Extracted entries
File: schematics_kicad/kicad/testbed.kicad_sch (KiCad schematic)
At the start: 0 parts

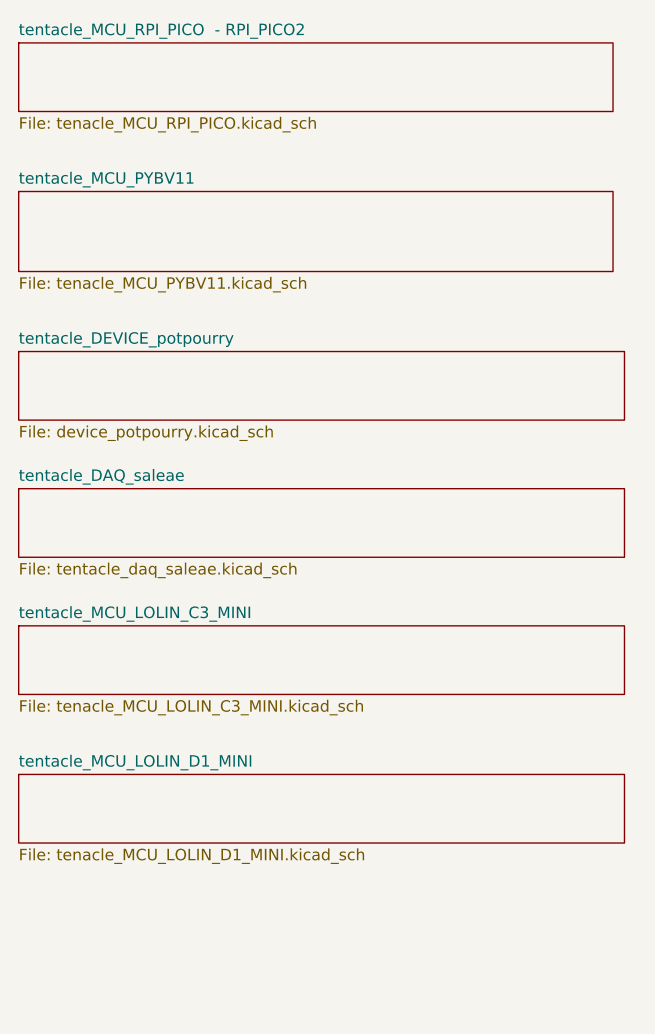
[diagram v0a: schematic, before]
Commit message: Updating schematics for RPI_PICO_W for tentacle v0.4
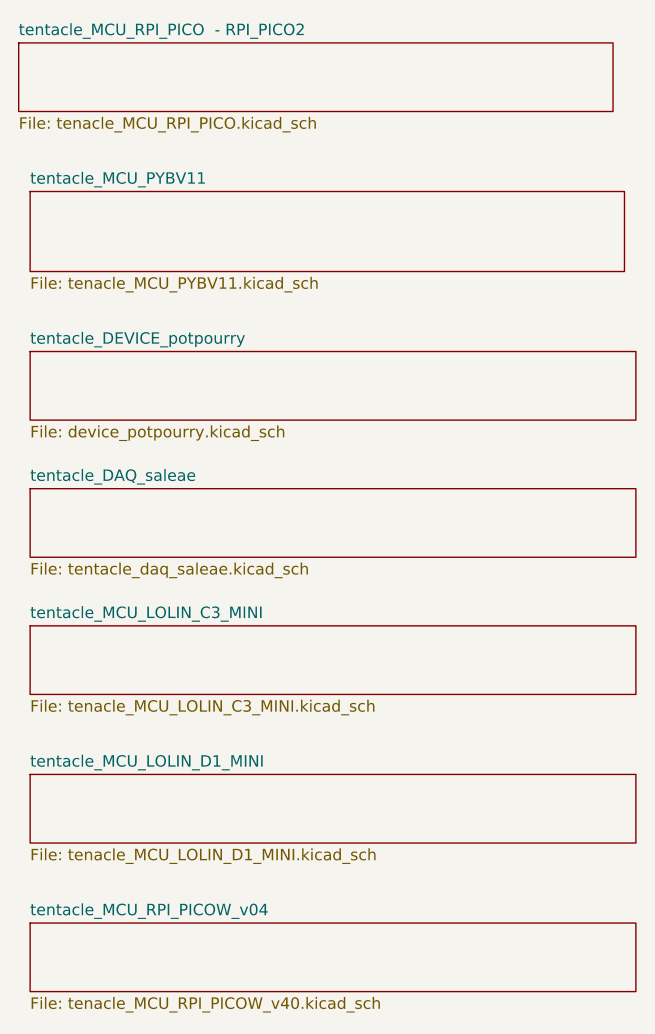
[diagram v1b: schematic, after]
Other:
- added sheet tentacle_MCU_RPI_PICOW_v04 (tenacle_MCU_RPI_PICOW_v40.kicad_sch)
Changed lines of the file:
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@@
 	)
 	(sheet
-		(at 36.83 82.55)
+		(at 38.1 82.55)
 		(size 67.31 7.62)
 		(fields_autoplaced yes)
@@
 		)
 		(property "Sheetname" "tentacle_DAQ_saleae"
-			(at 36.83 81.8384 0)
+			(at 38.1 81.8384 0)
 			(effects
 				(font
@@
 		)
 		(property "Sheetfile" "tentacle_daq_saleae.kicad_sch"
-			(at 36.83 90.7546 0)
+			(at 38.1 90.7546 0)
 			(effects
 				(font
@@
 				(path "/188054c4-74b7-429a-b3f5-c6f3151e27de"
 					(page "5")
+				)
+			)
+		)
+	)
+	(sheet
+		(at 38.1 130.81)
+		(size 67.31 7.62)
+		(fields_autoplaced yes)
+		(stroke
+			(width 0.1524)
+			(type solid)
+		)
+		(fill
+			(color 0 0 0 0.0000)
+		)
+		(property "Sheetname" "tentacle_MCU_RPI_PICOW_v04"
+			(at 38.1 130.0984 0)
+			(effects
+				(font
+					(size 1.27 1.27)
+				)
+				(justify left bottom)
+			)
+		)
+		(property "Sheetfile" "tenacle_MCU_RPI_PICOW_v40.kicad_sch"
+			(at 38.1 139.0146 0)
+			(effects
+				(font
+					(size 1.27 1.27)
+				)
+				(justify left top)
+			)
+		)
+		(instances
+			(project "testbed"
+				(path "/188054c4-74b7-429a-b3f5-c6f3151e27de"
+					(page "17")
 				)
 			)
@@
 	)
 	(sheet
-		(at 36.83 49.53)
+		(at 38.1 49.53)
 		(size 66.04 8.89)
 		(fields_autoplaced yes)
@@
 		)
 		(property "Sheetname" "tentacle_MCU_PYBV11"
-			(at 36.83 48.8184 0)
+			(at 38.1 48.8184 0)
 			(effects
 				(font
@@
 		)
 		(property "Sheetfile" "tenacle_MCU_PYBV11.kicad_sch"
-			(at 36.83 59.0046 0)
+			(at 38.1 59.0046 0)
 			(effects
 				(font
@@
 	)
 	(sheet
-		(at 36.83 114.3)
+		(at 38.1 114.3)
 		(size 67.31 7.62)
 		(fields_autoplaced yes)
@@
 		)
 		(property "Sheetname" "tentacle_MCU_LOLIN_D1_MINI"
-			(at 36.83 113.5884 0)
+			(at 38.1 113.5884 0)
 			(effects
 				(font
@@
 		)
 		(property "Sheetfile" "tenacle_MCU_LOLIN_D1_MINI.kicad_sch"
-			(at 36.83 122.5046 0)
+			(at 38.1 122.5046 0)
 			(effects
 				(font
@@
 	)
 	(sheet
-		(at 36.83 67.31)
+		(at 38.1 67.31)
 		(size 67.31 7.62)
 		(fields_autoplaced yes)
@@
 		)
 		(property "Sheetname" "tentacle_DEVICE_potpourry"
-			(at 36.83 66.5984 0)
+			(at 38.1 66.5984 0)
 			(effects
 				(font
@@
 		)
 		(property "Sheetfile" "device_potpourry.kicad_sch"
-			(at 36.83 75.5146 0)
+			(at 38.1 75.5146 0)
 			(effects
 				(font
@@
 	)
 	(sheet
-		(at 36.83 97.79)
+		(at 38.1 97.79)
 		(size 67.31 7.62)
 		(fields_autoplaced yes)
@@
 		)
 		(property "Sheetname" "tentacle_MCU_LOLIN_C3_MINI"
-			(at 36.83 97.0784 0)
+			(at 38.1 97.0784 0)
 			(effects
 				(font
@@
 		)
 		(property "Sheetfile" "tenacle_MCU_LOLIN_C3_MINI.kicad_sch"
-			(at 36.83 105.9946 0)
-			(effects
-				(font
+			(at 38.1 105.9946 0)
+			(effects
+				(font

What is expected
In the copy, include no pictures; otherwise transcribe the entries exactly.

Response to this exercise
File: schematics_kicad/kicad/testbed.kicad_sch (KiCad schematic)
At the start: 0 parts

[diagram v0a: schematic, before]
Commit message: Updating schematics for RPI_PICO_W for tentacle v0.4
[diagram v1b: schematic, after]
Other:
- added sheet tentacle_MCU_RPI_PICOW_v04 (tenacle_MCU_RPI_PICOW_v40.kicad_sch)
Changed lines of the file:
@@
 	)
 	(sheet
-		(at 36.83 82.55)
+		(at 38.1 82.55)
 		(size 67.31 7.62)
 		(fields_autoplaced yes)
@@
 		)
 		(property "Sheetname" "tentacle_DAQ_saleae"
-			(at 36.83 81.8384 0)
+			(at 38.1 81.8384 0)
 			(effects
 				(font
@@
 		)
 		(property "Sheetfile" "tentacle_daq_saleae.kicad_sch"
-			(at 36.83 90.7546 0)
+			(at 38.1 90.7546 0)
 			(effects
 				(font
@@
 				(path "/188054c4-74b7-429a-b3f5-c6f3151e27de"
 					(page "5")
+				)
+			)
+		)
+	)
+	(sheet
+		(at 38.1 130.81)
+		(size 67.31 7.62)
+		(fields_autoplaced yes)
+		(stroke
+			(width 0.1524)
+			(type solid)
+		)
+		(fill
+			(color 0 0 0 0.0000)
+		)
+		(property "Sheetname" "tentacle_MCU_RPI_PICOW_v04"
+			(at 38.1 130.0984 0)
+			(effects
+				(font
+					(size 1.27 1.27)
+				)
+				(justify left bottom)
+			)
+		)
+		(property "Sheetfile" "tenacle_MCU_RPI_PICOW_v40.kicad_sch"
+			(at 38.1 139.0146 0)
+			(effects
+				(font
+					(size 1.27 1.27)
+				)
+				(justify left top)
+			)
+		)
+		(instances
+			(project "testbed"
+				(path "/188054c4-74b7-429a-b3f5-c6f3151e27de"
+					(page "17")
 				)
 			)
@@
 	)
 	(sheet
-		(at 36.83 49.53)
+		(at 38.1 49.53)
 		(size 66.04 8.89)
 		(fields_autoplaced yes)
@@
 		)
 		(property "Sheetname" "tentacle_MCU_PYBV11"
-			(at 36.83 48.8184 0)
+			(at 38.1 48.8184 0)
 			(effects
 				(font
@@
 		)
 		(property "Sheetfile" "tenacle_MCU_PYBV11.kicad_sch"
-			(at 36.83 59.0046 0)
+			(at 38.1 59.0046 0)
 			(effects
 				(font
@@
 	)
 	(sheet
-		(at 36.83 114.3)
+		(at 38.1 114.3)
 		(size 67.31 7.62)
 		(fields_autoplaced yes)
@@
 		)
 		(property "Sheetname" "tentacle_MCU_LOLIN_D1_MINI"
-			(at 36.83 113.5884 0)
+			(at 38.1 113.5884 0)
 			(effects
 				(font
@@
 		)
 		(property "Sheetfile" "tenacle_MCU_LOLIN_D1_MINI.kicad_sch"
-			(at 36.83 122.5046 0)
+			(at 38.1 122.5046 0)
 			(effects
 				(font
@@
 	)
 	(sheet
-		(at 36.83 67.31)
+		(at 38.1 67.31)
 		(size 67.31 7.62)
 		(fields_autoplaced yes)
@@
 		)
 		(property "Sheetname" "tentacle_DEVICE_potpourry"
-			(at 36.83 66.5984 0)
+			(at 38.1 66.5984 0)
 			(effects
 				(font
@@
 		)
 		(property "Sheetfile" "device_potpourry.kicad_sch"
-			(at 36.83 75.5146 0)
+			(at 38.1 75.5146 0)
 			(effects
 				(font
@@
 	)
 	(sheet
-		(at 36.83 97.79)
+		(at 38.1 97.79)
 		(size 67.31 7.62)
 		(fields_autoplaced yes)
@@
 		)
 		(property "Sheetname" "tentacle_MCU_LOLIN_C3_MINI"
-			(at 36.83 97.0784 0)
+			(at 38.1 97.0784 0)
 			(effects
 				(font
@@
 		)
 		(property "Sheetfile" "tenacle_MCU_LOLIN_C3_MINI.kicad_sch"
-			(at 36.83 105.9946 0)
-			(effects
-				(font
+			(at 38.1 105.9946 0)
+			(effects
+				(font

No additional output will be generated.